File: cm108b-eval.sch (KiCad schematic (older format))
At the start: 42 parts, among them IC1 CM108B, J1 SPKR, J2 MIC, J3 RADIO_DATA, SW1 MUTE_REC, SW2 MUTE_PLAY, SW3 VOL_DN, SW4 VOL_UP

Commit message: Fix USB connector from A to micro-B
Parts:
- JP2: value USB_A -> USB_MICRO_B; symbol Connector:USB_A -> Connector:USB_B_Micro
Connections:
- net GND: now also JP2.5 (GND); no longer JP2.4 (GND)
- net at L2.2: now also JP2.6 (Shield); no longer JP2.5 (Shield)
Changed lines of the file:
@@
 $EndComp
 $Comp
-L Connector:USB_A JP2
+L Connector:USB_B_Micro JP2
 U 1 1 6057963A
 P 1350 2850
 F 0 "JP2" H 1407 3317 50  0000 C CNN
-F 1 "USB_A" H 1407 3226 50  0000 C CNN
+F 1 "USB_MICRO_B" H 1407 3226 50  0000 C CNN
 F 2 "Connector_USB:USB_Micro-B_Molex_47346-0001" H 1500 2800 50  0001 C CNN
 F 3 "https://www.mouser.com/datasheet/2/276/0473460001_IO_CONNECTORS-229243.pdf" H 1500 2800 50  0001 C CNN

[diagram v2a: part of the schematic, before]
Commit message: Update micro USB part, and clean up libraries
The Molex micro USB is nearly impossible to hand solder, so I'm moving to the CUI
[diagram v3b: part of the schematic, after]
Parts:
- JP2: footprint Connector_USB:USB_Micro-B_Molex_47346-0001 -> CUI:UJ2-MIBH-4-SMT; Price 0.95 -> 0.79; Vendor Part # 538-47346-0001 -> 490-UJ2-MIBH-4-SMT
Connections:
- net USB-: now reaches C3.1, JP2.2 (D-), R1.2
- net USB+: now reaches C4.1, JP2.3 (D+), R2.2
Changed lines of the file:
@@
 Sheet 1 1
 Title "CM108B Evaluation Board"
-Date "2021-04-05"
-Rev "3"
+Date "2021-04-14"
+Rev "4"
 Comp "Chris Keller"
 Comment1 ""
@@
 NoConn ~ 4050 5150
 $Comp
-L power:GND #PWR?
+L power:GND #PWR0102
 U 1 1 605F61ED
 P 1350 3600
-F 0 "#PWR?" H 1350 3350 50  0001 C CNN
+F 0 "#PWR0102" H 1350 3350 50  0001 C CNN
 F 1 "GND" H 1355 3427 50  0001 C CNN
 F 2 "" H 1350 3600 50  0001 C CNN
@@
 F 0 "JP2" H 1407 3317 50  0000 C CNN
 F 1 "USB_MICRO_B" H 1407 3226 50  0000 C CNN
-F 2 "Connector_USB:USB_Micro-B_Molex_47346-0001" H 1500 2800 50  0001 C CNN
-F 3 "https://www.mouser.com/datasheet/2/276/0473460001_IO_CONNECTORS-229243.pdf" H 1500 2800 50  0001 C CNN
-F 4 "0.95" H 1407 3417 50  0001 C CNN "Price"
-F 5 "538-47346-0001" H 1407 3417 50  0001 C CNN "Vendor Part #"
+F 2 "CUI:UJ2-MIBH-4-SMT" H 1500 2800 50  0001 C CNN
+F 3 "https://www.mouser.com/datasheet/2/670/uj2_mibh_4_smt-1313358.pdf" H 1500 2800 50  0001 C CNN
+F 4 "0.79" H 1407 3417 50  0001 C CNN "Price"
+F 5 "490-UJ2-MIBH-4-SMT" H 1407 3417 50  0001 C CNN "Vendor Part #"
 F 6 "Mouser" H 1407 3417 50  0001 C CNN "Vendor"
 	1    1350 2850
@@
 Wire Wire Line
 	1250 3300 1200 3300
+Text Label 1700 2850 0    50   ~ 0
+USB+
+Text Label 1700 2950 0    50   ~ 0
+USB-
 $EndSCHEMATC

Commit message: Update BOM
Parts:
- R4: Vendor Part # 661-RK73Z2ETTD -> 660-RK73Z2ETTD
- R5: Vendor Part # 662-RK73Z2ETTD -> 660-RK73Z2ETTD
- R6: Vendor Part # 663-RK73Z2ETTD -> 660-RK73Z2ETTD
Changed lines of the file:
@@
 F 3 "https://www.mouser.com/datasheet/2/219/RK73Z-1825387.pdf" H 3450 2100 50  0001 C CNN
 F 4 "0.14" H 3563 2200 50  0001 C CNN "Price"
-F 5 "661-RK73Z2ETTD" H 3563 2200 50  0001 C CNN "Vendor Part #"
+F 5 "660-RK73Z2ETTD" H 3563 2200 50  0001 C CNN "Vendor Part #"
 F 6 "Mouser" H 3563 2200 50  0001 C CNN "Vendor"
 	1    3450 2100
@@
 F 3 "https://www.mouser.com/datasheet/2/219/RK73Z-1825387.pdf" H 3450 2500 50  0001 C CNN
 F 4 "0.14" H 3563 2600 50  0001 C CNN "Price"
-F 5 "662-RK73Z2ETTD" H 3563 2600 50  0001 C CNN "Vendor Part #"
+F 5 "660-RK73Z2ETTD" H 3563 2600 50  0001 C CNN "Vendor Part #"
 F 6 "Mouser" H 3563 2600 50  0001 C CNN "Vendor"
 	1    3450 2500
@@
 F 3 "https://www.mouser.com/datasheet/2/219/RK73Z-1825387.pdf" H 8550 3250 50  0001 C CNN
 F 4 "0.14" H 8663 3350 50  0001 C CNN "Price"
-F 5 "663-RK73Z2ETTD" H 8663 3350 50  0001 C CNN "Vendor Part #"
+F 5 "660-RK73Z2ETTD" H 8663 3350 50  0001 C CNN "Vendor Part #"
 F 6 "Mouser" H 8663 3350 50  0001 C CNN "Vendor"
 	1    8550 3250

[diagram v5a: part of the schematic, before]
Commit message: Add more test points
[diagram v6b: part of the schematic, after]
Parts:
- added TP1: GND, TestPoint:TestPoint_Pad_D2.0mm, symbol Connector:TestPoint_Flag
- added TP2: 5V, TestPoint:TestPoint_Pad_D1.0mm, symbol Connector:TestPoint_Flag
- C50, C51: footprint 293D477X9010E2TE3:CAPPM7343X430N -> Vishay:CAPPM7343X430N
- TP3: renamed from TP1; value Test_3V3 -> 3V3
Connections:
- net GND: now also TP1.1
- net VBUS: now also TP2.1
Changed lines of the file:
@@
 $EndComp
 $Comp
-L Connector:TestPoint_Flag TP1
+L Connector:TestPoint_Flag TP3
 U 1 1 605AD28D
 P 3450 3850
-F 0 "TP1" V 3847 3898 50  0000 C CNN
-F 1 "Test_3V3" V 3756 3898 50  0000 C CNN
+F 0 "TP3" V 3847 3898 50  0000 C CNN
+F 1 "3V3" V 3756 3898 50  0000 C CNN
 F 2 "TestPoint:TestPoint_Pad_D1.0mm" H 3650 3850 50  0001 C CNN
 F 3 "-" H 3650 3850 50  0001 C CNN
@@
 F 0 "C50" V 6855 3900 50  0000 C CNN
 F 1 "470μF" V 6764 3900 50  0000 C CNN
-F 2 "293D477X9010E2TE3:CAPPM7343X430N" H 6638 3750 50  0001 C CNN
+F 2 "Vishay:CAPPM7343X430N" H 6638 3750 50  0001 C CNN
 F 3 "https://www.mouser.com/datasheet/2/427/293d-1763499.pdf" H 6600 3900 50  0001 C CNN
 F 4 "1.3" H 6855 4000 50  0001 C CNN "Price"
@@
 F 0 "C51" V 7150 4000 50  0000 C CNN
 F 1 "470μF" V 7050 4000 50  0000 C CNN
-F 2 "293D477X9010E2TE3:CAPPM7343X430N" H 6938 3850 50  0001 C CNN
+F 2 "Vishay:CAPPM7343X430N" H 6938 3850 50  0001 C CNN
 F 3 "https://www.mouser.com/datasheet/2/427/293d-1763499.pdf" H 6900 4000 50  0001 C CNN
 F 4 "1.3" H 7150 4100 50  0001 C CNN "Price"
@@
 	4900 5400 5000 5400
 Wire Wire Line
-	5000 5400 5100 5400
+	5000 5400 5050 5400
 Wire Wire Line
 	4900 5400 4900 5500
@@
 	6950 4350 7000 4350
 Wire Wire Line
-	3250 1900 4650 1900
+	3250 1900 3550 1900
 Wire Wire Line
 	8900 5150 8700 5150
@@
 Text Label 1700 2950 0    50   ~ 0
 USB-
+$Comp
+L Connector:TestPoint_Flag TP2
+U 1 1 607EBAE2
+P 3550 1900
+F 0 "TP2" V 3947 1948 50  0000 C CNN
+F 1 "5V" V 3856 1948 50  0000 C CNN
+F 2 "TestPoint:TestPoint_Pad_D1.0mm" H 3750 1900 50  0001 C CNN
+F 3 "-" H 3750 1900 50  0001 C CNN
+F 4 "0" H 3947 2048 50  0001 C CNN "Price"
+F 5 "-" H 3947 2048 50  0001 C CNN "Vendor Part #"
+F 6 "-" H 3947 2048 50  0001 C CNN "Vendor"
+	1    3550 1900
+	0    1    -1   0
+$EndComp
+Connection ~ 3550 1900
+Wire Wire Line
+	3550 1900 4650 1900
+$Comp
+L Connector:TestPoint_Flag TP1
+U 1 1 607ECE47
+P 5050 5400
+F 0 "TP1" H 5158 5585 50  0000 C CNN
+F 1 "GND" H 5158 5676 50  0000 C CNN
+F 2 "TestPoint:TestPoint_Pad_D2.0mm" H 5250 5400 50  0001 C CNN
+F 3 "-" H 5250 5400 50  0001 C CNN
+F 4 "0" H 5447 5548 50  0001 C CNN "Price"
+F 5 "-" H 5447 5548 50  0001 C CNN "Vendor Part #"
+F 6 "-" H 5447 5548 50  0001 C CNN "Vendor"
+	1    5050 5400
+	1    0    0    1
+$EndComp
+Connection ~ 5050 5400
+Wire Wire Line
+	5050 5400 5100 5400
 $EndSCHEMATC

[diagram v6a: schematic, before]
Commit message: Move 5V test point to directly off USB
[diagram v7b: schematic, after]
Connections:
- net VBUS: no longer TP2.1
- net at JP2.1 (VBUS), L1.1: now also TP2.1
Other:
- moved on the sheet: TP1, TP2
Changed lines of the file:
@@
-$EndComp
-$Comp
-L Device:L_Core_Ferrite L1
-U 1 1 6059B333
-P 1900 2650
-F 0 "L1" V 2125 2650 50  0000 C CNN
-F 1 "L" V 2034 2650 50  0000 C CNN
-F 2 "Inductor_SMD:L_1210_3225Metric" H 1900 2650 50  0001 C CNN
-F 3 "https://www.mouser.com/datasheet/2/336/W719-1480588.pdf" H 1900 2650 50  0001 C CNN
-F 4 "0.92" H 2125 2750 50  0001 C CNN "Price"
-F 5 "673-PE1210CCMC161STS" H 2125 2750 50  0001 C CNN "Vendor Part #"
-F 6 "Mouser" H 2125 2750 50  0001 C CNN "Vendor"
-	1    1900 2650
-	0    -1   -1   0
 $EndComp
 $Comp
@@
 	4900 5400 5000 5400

______

# [About this task]
Each line of the entries above that has the word "reaches" is to be copied.

# [Final answer]
- net USB-: now reaches C3.1, JP2.2 (D-), R1.2
- net USB+: now reaches C4.1, JP2.3 (D+), R2.2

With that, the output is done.